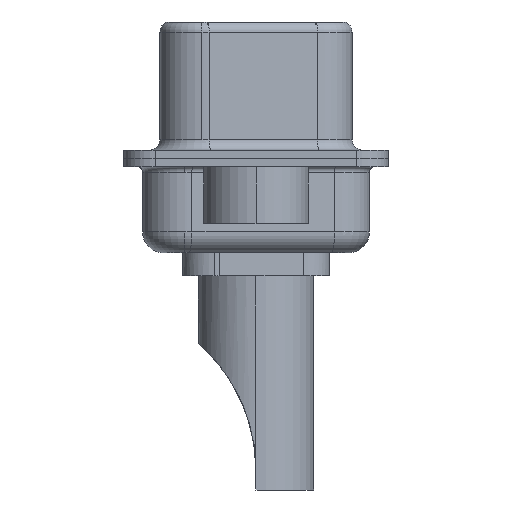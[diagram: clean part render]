
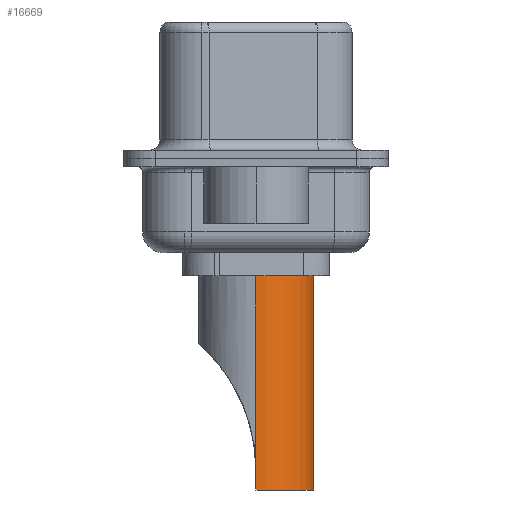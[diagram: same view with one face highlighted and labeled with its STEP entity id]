
A CAD part, left-side view. The second image highlights one B-rep face of the part: STEP entity #16669.
In plain terms, the highlighted cylindrical face has radius 2.75 mm (diameter 5.5 mm), a partial arc.
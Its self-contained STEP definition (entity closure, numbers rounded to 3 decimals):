
#109 = CARTESIAN_POINT ( 'NONE',  ( 2.75, 0., 4.234 ) ) ;
#669 = DIRECTION ( 'NONE',  ( 0., 0., 1. ) ) ;
#720 = AXIS2_PLACEMENT_3D ( 'NONE', #763, #12693, #14176 ) ;
#763 = CARTESIAN_POINT ( 'NONE',  ( 0., 0., 1.5 ) ) ;
#1520 = CARTESIAN_POINT ( 'NONE',  ( -2.75, 0., -8.7 ) ) ;
#2534 = CARTESIAN_POINT ( 'NONE',  ( 0., 0., 4.234 ) ) ;
#3091 = CARTESIAN_POINT ( 'NONE',  ( 2.75, 0., -8.7 ) ) ;
#3307 = EDGE_CURVE ( 'NONE', #10463, #15337, #4394, .T. ) ;
#3770 = CYLINDRICAL_SURFACE ( 'NONE', #8291, 2.75 ) ;
#3965 = EDGE_CURVE ( 'NONE', #10463, #18367, #8710, .T. ) ;
#3998 = VERTEX_POINT ( 'NONE', #14622 ) ;
#4394 = LINE ( 'NONE', #3091, #12351 ) ;
#4652 = FACE_OUTER_BOUND ( 'NONE', #14423, .T. ) ;
#4665 = DIRECTION ( 'NONE',  ( 0., 0., 1. ) ) ;
#6057 = CARTESIAN_POINT ( 'NONE',  ( 2.75, 0., 1.5 ) ) ;
#6060 = CIRCLE ( 'NONE', #720, 2.75 ) ;
#6267 = VECTOR ( 'NONE', #669, 1000. ) ;
#6397 = ORIENTED_EDGE ( 'NONE', *, *, #11036, .T. ) ;
#6718 = LINE ( 'NONE', #1520, #10090 ) ;
#6972 = AXIS2_PLACEMENT_3D ( 'NONE', #12928, #14211, #14343 ) ;
#7567 = VECTOR ( 'NONE', #4665, 1000. ) ;
#8291 = AXIS2_PLACEMENT_3D ( 'NONE', #2534, #11280, #8426 ) ;
#8426 = DIRECTION ( 'NONE',  ( 1., 0., 0. ) ) ;
#8690 = EDGE_CURVE ( 'NONE', #11892, #18367, #6060, .T. ) ;
#8710 = LINE ( 'NONE', #109, #7567 ) ;
#9092 = CARTESIAN_POINT ( 'NONE',  ( 2.75, 0., -8.7 ) ) ;
#10090 = VECTOR ( 'NONE', #14721, 1000. ) ;
#10189 = CARTESIAN_POINT ( 'NONE',  ( -2.75, 0., -8.7 ) ) ;
#10463 = VERTEX_POINT ( 'NONE', #17648 ) ;
#10669 = ORIENTED_EDGE ( 'NONE', *, *, #3307, .F. ) ;
#10906 = CARTESIAN_POINT ( 'NONE',  ( -2.75, 0., 4.234 ) ) ;
#11036 = EDGE_CURVE ( 'NONE', #14987, #15337, #12088, .T. ) ;
#11280 = DIRECTION ( 'NONE',  ( 0., 0., 1. ) ) ;
#11892 = VERTEX_POINT ( 'NONE', #17927 ) ;
#11924 = DIRECTION ( 'NONE',  ( 0., 0., -1. ) ) ;
#12088 = CIRCLE ( 'NONE', #6972, 2.75 ) ;
#12186 = ORIENTED_EDGE ( 'NONE', *, *, #3965, .T. ) ;
#12351 = VECTOR ( 'NONE', #11924, 1000. ) ;
#12693 = DIRECTION ( 'NONE',  ( 0., 0., 1. ) ) ;
#12928 = CARTESIAN_POINT ( 'NONE',  ( 0., 0., -8.7 ) ) ;
#14176 = DIRECTION ( 'NONE',  ( 1., 0., 0. ) ) ;
#14211 = DIRECTION ( 'NONE',  ( 0., 0., 1. ) ) ;
#14343 = DIRECTION ( 'NONE',  ( 1., 0., 0. ) ) ;
#14423 = EDGE_LOOP ( 'NONE', ( #17923, #15503, #6397, #10669, #12186, #15896 ) ) ;
#14622 = CARTESIAN_POINT ( 'NONE',  ( -2.75, 0., -7.764 ) ) ;
#14721 = DIRECTION ( 'NONE',  ( 0., 0., -1. ) ) ;
#14987 = VERTEX_POINT ( 'NONE', #10189 ) ;
#15337 = VERTEX_POINT ( 'NONE', #9092 ) ;
#15503 = ORIENTED_EDGE ( 'NONE', *, *, #16816, .T. ) ;
#15896 = ORIENTED_EDGE ( 'NONE', *, *, #8690, .F. ) ;
#16101 = EDGE_CURVE ( 'NONE', #3998, #11892, #17186, .T. ) ;
#16669 = ADVANCED_FACE ( 'NONE', ( #4652 ), #3770, .T. ) ;
#16816 = EDGE_CURVE ( 'NONE', #3998, #14987, #6718, .T. ) ;
#17186 = LINE ( 'NONE', #10906, #6267 ) ;
#17648 = CARTESIAN_POINT ( 'NONE',  ( 2.75, 0., -7.764 ) ) ;
#17923 = ORIENTED_EDGE ( 'NONE', *, *, #16101, .F. ) ;
#17927 = CARTESIAN_POINT ( 'NONE',  ( -2.75, 0., 1.5 ) ) ;
#18367 = VERTEX_POINT ( 'NONE', #6057 ) ;

┄┄┄┄┄┄┄┄┄┄

→ What the task asks:
Show each line of the records above containing "CIRCLE".

→ Output:
#6060 = CIRCLE ( 'NONE', #720, 2.75 ) ;
#12088 = CIRCLE ( 'NONE', #6972, 2.75 ) ;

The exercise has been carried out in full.